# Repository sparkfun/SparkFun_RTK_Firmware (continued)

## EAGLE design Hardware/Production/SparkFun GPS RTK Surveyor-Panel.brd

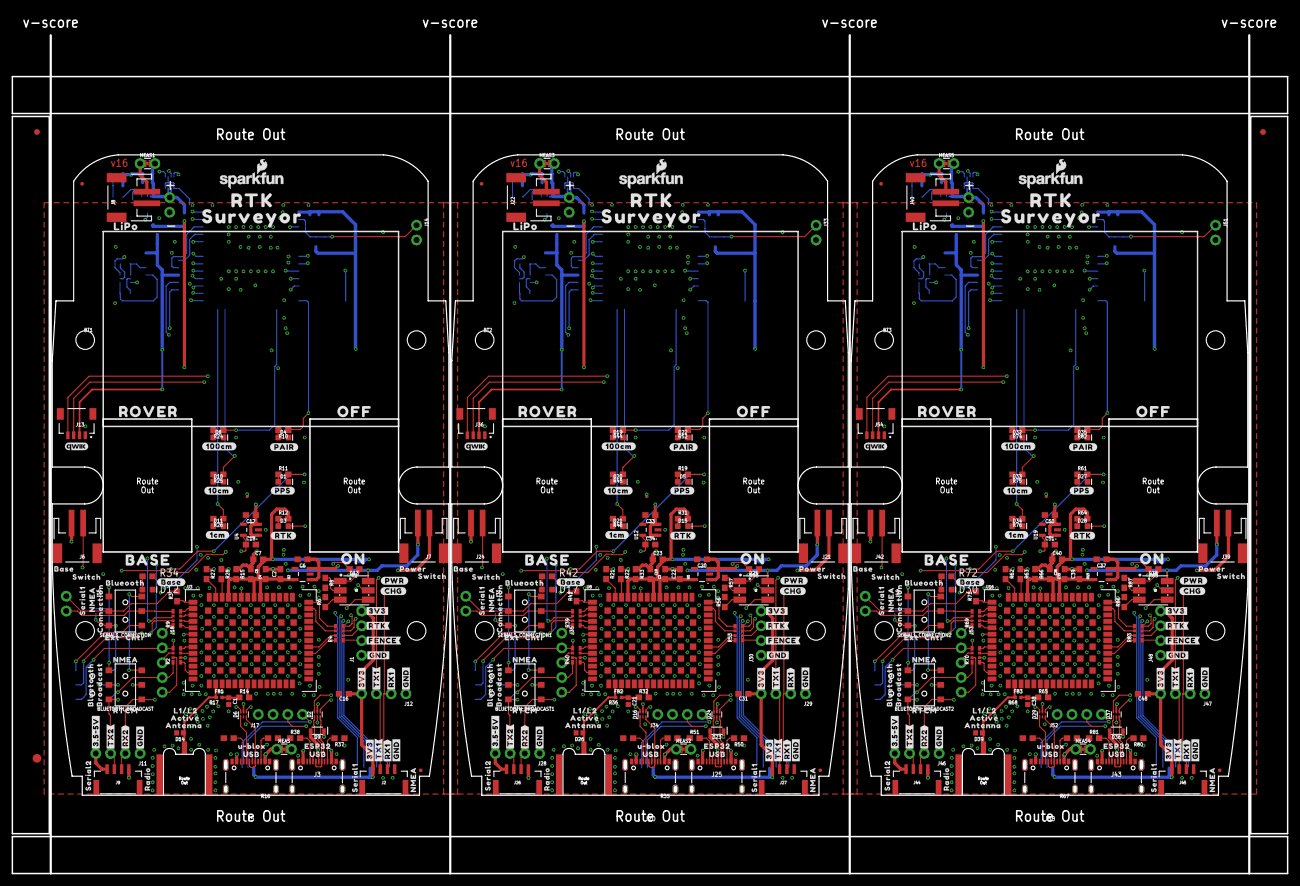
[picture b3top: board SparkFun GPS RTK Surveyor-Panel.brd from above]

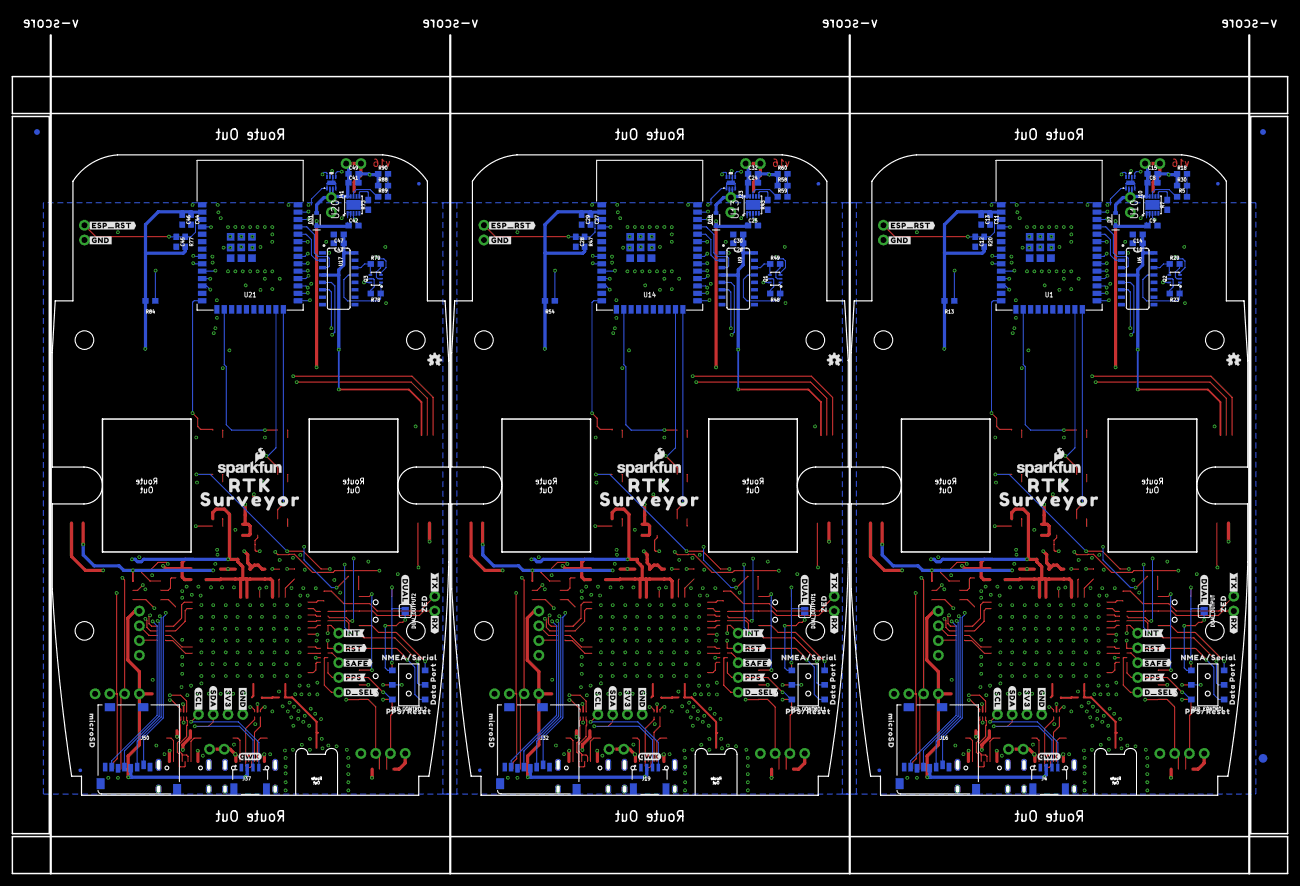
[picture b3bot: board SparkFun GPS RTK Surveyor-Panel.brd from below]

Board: 4 copper layers, 219.3 x 144.2 mm, 588 parts (165 on the bottom side), 285 nets.

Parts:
BLUETOOTH_BROADCAST, BLUETOOTH_BROADCAST1, BLUETOOTH_BROADCAST2: SWITCH_DPDT_SMD_AYZ0202
BT1, BT2, BT3: LIPO-OUTLINE1000; LIPO-1000
C1, C21, C38: 47pF; 0402
C2, C3, C4, C6, C17, C18, C20, C22, C33, C34, C35, C37, C39, C50, C51: 1.0uF; 0603
C5, C7, C11, C12, C13, C15, C16, C19, C23, C27, C28, C29, C31, C32, C36, C40, C44, C45, C46, C48, C49: 0.1uF; 0603
C8, C9, C24, C25, C41, C42: 4.7uF; 0603
C10, C14, C26, C30, C43, C47: 10uF; 0603
D1, D5, D27: Yellow; LED-0603
D2, D6, D16, D24, D29, D37: PRTR5V0U2F; SOT886
D3, D15, D28: WHITE; LED-0603
D4, D22, D35: BLUE; LED-0603
D7, D9, D18, D23, D31, D36: 3A/10V/280mV; SOD-323
D8, D10, D11, D19, D20, D21, D32, D33, D34: GREEN; LED-0603
D12, D17, D30: RED; LED-0603
D13, D25, D38: LED-TRICOLOR-5050
D14, D26, D39: PESD0402; 0402
DUAL_OUTPUT, DUAL_OUTPUT1, DUAL_OUTPUT2: SMT-JUMPER_2_NO_SILK
E1, E2, E3: SMA; SMA-EDGE-SMD
E$1, E$2, E$3, E$4: FIDUCIAL-1X2
E$5, E$6: FIDUCIAL-1.5X3
FB1, FB2, FB3: 2.66Ω; 0402-TIGHT
J1, J11, J12, J28, J29, J30, J46, J47, J48: 1X04_NO_SILK
J2, J9, J26, J27, J44, J45: JST-4-SMD-1.25MM-LOCKING
J3, J5, J20, J25, J38, J43: USB Female Type C Connector; USB-C-16P_4LAYER-PADS
J4, J19, J37: External; JST04_1MM_RA
J6, J24, J42: Start Base; JST-2-SMD
J7, J21, J39: Power Switch; JST-2-SMD
J8, J22, J40: JST-2-SMD
J10, J14, J15, J23, J31, J33, J41, J49, J51: 1X02_NO_SILK
J13, J36, J54: Internal; JST04_1MM_RA
J16, J32, J50: microSD; MICRO-SD-SOCKET
J17, J34, J52: Qwiic Right Angle; 1X04_NO_SILK
J18, J35, J53: 1X05_NO_SILK
JP1, JP2, JP3, JP4, JP5, JP6, JP7, JP8, JP21, JP61, JP71, JP81: FIDUCIALUFIDUCIAL; FIDUCIAL-MICRO
LOGO1, LOGO4, LOGO7: OSHW-LOGOMINI; OSHW-LOGO-MINI
LOGO2, LOGO3, LOGO5, LOGO6, LOGO8, LOGO9: SFE_LOGO_NAME_FLAME.1_INCH; SFE_LOGO_NAME_FLAME_.1
MEAS, MEAS1, MEAS2, MEAS3, MEAS4, MEAS5: COMBO-JUMPER_2_NC_TRACE
Q1, Q2, Q3: MBT3904DW1T1; SC70-6
R1, R55, R85: 4.7k; 0603
R2, R4, R9, R39, R40, R53, R69, R70, R83: 33; 1206_RA
R3, R41, R71: 33; 0603
R5, R59, R89: 0; 0603
R6, R7, R8, R43, R56, R57, R73, R86, R87: 1k; 0603
R10, R12, R31, R34, R42, R52, R64, R72, R82: 330; 0603
R11, R19, R24, R25, R26, R44, R45, R46, R61, R74, R75, R76: 20; 0603
R13, R15, R33, R54, R66, R84: 100k; 0603
R14, R32, R65: 10; 0603
R16, R17, R35, R36, R37, R38, R50, R51, R67, R68, R80, R81: 5.1k; 0603
R18, R20, R23, R29, R47, R48, R49, R60, R77, R78, R79, R90: 10k; 0603
R21, R22, R27, R28, R62, R63: 27; 0603
R30, R58, R88: 150k; 0603
SERIAL1_CONNECTION, SERIAL1_CONNECTION1, SERIAL1_CONNECTION2: SWITCH_DPDT_SMD_AYZ0202
U1, U14, U21: ESP-WROOM-3232D-NARROW; ESP-WROOM-32D-NARROW
U2, U4, U5, U12, U15, U19: 3.3V; SOT23-5
U3, U8, U16: U-BLOX_ZED-F9P; ZED-F9P
U6, U9, U17: CH340C; SO016
U7, U11, U18: MAX17048; DFN-8
U10, U13, U20: MCP73833; DFN-10
U$1, U$38, U$48, U$82, U$98, U$126, U$127, U$169, U$190, U$218, U$219, U$261: #GND#0
U$2, U$30, U$93, U$184, U$185, U$276: QWIIC_4MM
U$3, U$34, U$112, U$114, U$204, U$206: ROCKER_SWITCH
U$4, U$113, U$205: #BASE#0
U$5, U$37, U$47, U$97, U$125, U$166, U$189, U$217, U$258: #3V3#0
U$6, U$99, U$191: ANTENNA0
U$7, U$74, U$173, U$174, U$265, U$266: RTK0
U$8, U$106, U$198: #CHG#0
U$9, U$71, U$100, U$151, U$192, U$243: _SURVEYOR3
U$10, U$101, U$193: #RTK#1
U$11, U$150, U$242: #PPS#0
U$12, U$94, U$186: #RTK#0
U$13, U$15, U$21, U$69, U$75, U$76, U$77, U$78, U$115, U$116, U$149, U$156, U$157, U$158, U$159, U$160, U$207, U$208, U$241, U$248, U$249, U$250, U$251, U$252: LIGHT_PIPE_3MM
U$14, U$152, U$244: #RX#2
U$16, U$153, U$245: ZED0
U$17, U$131, U$223: ##SAFE##5
U$18, U$102, U$194: ACTIVE0
U$19, U$103, U$195: L1#L21
U$20, U$104, U$196: #PAIR#0
U$22, U$117, U$209: BASE2
U$23, U$138, U$230: #3#5#5V#0
U$24, U$95, U$187: #PPS#1
U$25, U$96, U$188: #PWR#2
U$26, U$105, U$197: 1553DBK-ENCLOSURE
U$27, U$107, U$199: LIPO0
U$28, U$130, U$222: ##RST##4
U$29, U$63, U$111, U$147, U$203, U$239: SERIAL10
U$31, U$118, U$210: OFF1
U$32, U$132, U$224: #FENCE#3
U$33, U$133, U$225: #INT#0
U$35, U$108, U$200: U#BLOX0
U$36, U$66, U$109, U$164, U$201, U$256: USB1
U$39, U$121, U$213: #RX2#2
U$40, U$122, U$214: #TX2#1
U$41, U$139, U$231: BLUETOOTH2
U$42, U$119, U$211: ON0
U$43, U$110, U$202: SERIAL20
U$44, U$120, U$212: ROVER3
U$45, U$68, U$123, U$168, U$215, U$260: #RX1#2
U$46, U$65, U$124, U$167, U$216, U$259: #TX1#1
U$49, U$52, U$128, U$141, U$220, U$233: NMEA1
U$50, U$129, U$221: RADIO0
U$51, U$140, U$232: BROADCAST3
U$53, U$142, U$234: RTCM0
U$54, U$134, U$226: BASE0
U$55, U$57, U$135, U$137, U$227, U$229: SWITCH1
U$56, U$136, U$228: POWER0
U$58, U$143, U$235: BLUEOOTH3
U$59, U$144, U$236: CNTR1
U$60, U$172, U$264: #ESP_RST#0
U$61, U$145, U$237: EXT0
U$62, U$146, U$238: NMEA2
U$64, U$148, U$240: CONNECTION1
U$67, U$165, U$257: ESP320
U$70, U$175, U$267: #GND#2
U$72, U$154, U$246: #TX#1
U$73, U$155, U$247: #DUAL#0
U$79, U$161, U$253: #1CM#0
U$80, U$162, U$254: #10CM#1
U$81, U$163, U$255: #100CM#2
U$83, U$170, U$262: MICROSD0
U$84, U$171, U$263: #GND#1
U$85, U$176, U$268: #3V3#2
U$86, U$177, U$269: #SCL#1
U$87, U$178, U$270: #SDA#0
U$88, U$179, U$271: #D_SEL#0
U$89, U$180, U$272: DATA2
U$90, U$181, U$273: PORT3
U$91, U$182, U$274: PPS#RESET0
U$92, U$183, U$275: NMEA#SERIAL1
ZED_CONTROL, ZED_CONTROL1, ZED_CONTROL2: SWITCH_DPDT_SMD_AYZ0202

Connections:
3.3V: C2.1, C4.1, C5.2, C7.2, C10.1, C11.1, C13.1, C14.1, C16.1, J1.4, J2.1, J4.2, J12.4, J13.2, J16.VCC, J17.2, R12.2, R13.2, R15.2, R20.2, U1.2, U2.5, U3.33, U3.34, U3.38, U6.4, U6.16
3.3V1: C3.1, C19.2, C22.1, C23.2, C26.1, C27.1, C29.1, C30.1, C31.1, J19.2, J27.1, J29.4, J30.4, J32.VCC, J34.2, J36.2, R31.2, R33.2, R47.2, R54.2, U5.5, U8.33, U8.34, U8.38, U9.4, U9.16, U14.2
3.3V2: C35.1, C36.2, C39.1, C40.2, C43.1, C44.1, C46.1, C47.1, C48.1, J37.2, J45.1, J47.4, J48.4, J50.VCC, J52.2, J54.2, R64.2, R66.2, R77.2, R84.2, U15.5, U16.33, U16.34, U16.38, U17.4, U17.16, U21.2
5V: C6.1, J7.1, J9.1, J11.4, U2.1, U2.3
5V1: C20.1, J21.1, J26.1, J28.4, U5.1, U5.3
5V2: C37.1, J39.1, J44.1, J46.4, U15.1, U15.3
ANT_VCC: C1.1, FB1.2, R14.1
ANT_VCC1: C21.1, FB2.2, R32.1
ANT_VCC2: C38.1, FB3.2, R65.1
BACKUP: C18.1, U3.36, U4.5
BACKUP1: C34.1, U8.36, U12.5
BACKUP2: C51.1, U16.36, U19.5
CC1: J5.A5, R17.2
CC2: J5.B5, R16.2
CC3: J3.B5, R37.2
CC4: J3.A5, R38.2
CC5: J20.A5, R36.2
CC6: J20.B5, R35.2
CC7: J25.B5, R50.2
CC8: J25.A5, R51.2
CC9: J38.A5, R68.2
CC10: J38.B5, R67.2
CC11: J43.B5, R80.2
CC12: J43.A5, R81.2
CHG_LED: R1.2, U10.3
CHG_LED1: R55.2, U13.3
CHG_LED2: R85.2, U20.3
CHG_THERM1: R5.2, R18.2, R30.2
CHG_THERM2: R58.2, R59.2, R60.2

::::::::::

Starting with the line with "J8, J22, J40: JST-2-SMD" above and going on through the line with "LOGO9: SFE_LOGO_NAME_FLAME.1_INCH; SFE_LOGO_NAME_FLAME_.1", transcribe every line exactly, both ends included, and add nothing.

J8, J22, J40: JST-2-SMD
J10, J14, J15, J23, J31, J33, J41, J49, J51: 1X02_NO_SILK
J13, J36, J54: Internal; JST04_1MM_RA
J16, J32, J50: microSD; MICRO-SD-SOCKET
J17, J34, J52: Qwiic Right Angle; 1X04_NO_SILK
J18, J35, J53: 1X05_NO_SILK
JP1, JP2, JP3, JP4, JP5, JP6, JP7, JP8, JP21, JP61, JP71, JP81: FIDUCIALUFIDUCIAL; FIDUCIAL-MICRO
LOGO1, LOGO4, LOGO7: OSHW-LOGOMINI; OSHW-LOGO-MINI
LOGO2, LOGO3, LOGO5, LOGO6, LOGO8, LOGO9: SFE_LOGO_NAME_FLAME.1_INCH; SFE_LOGO_NAME_FLAME_.1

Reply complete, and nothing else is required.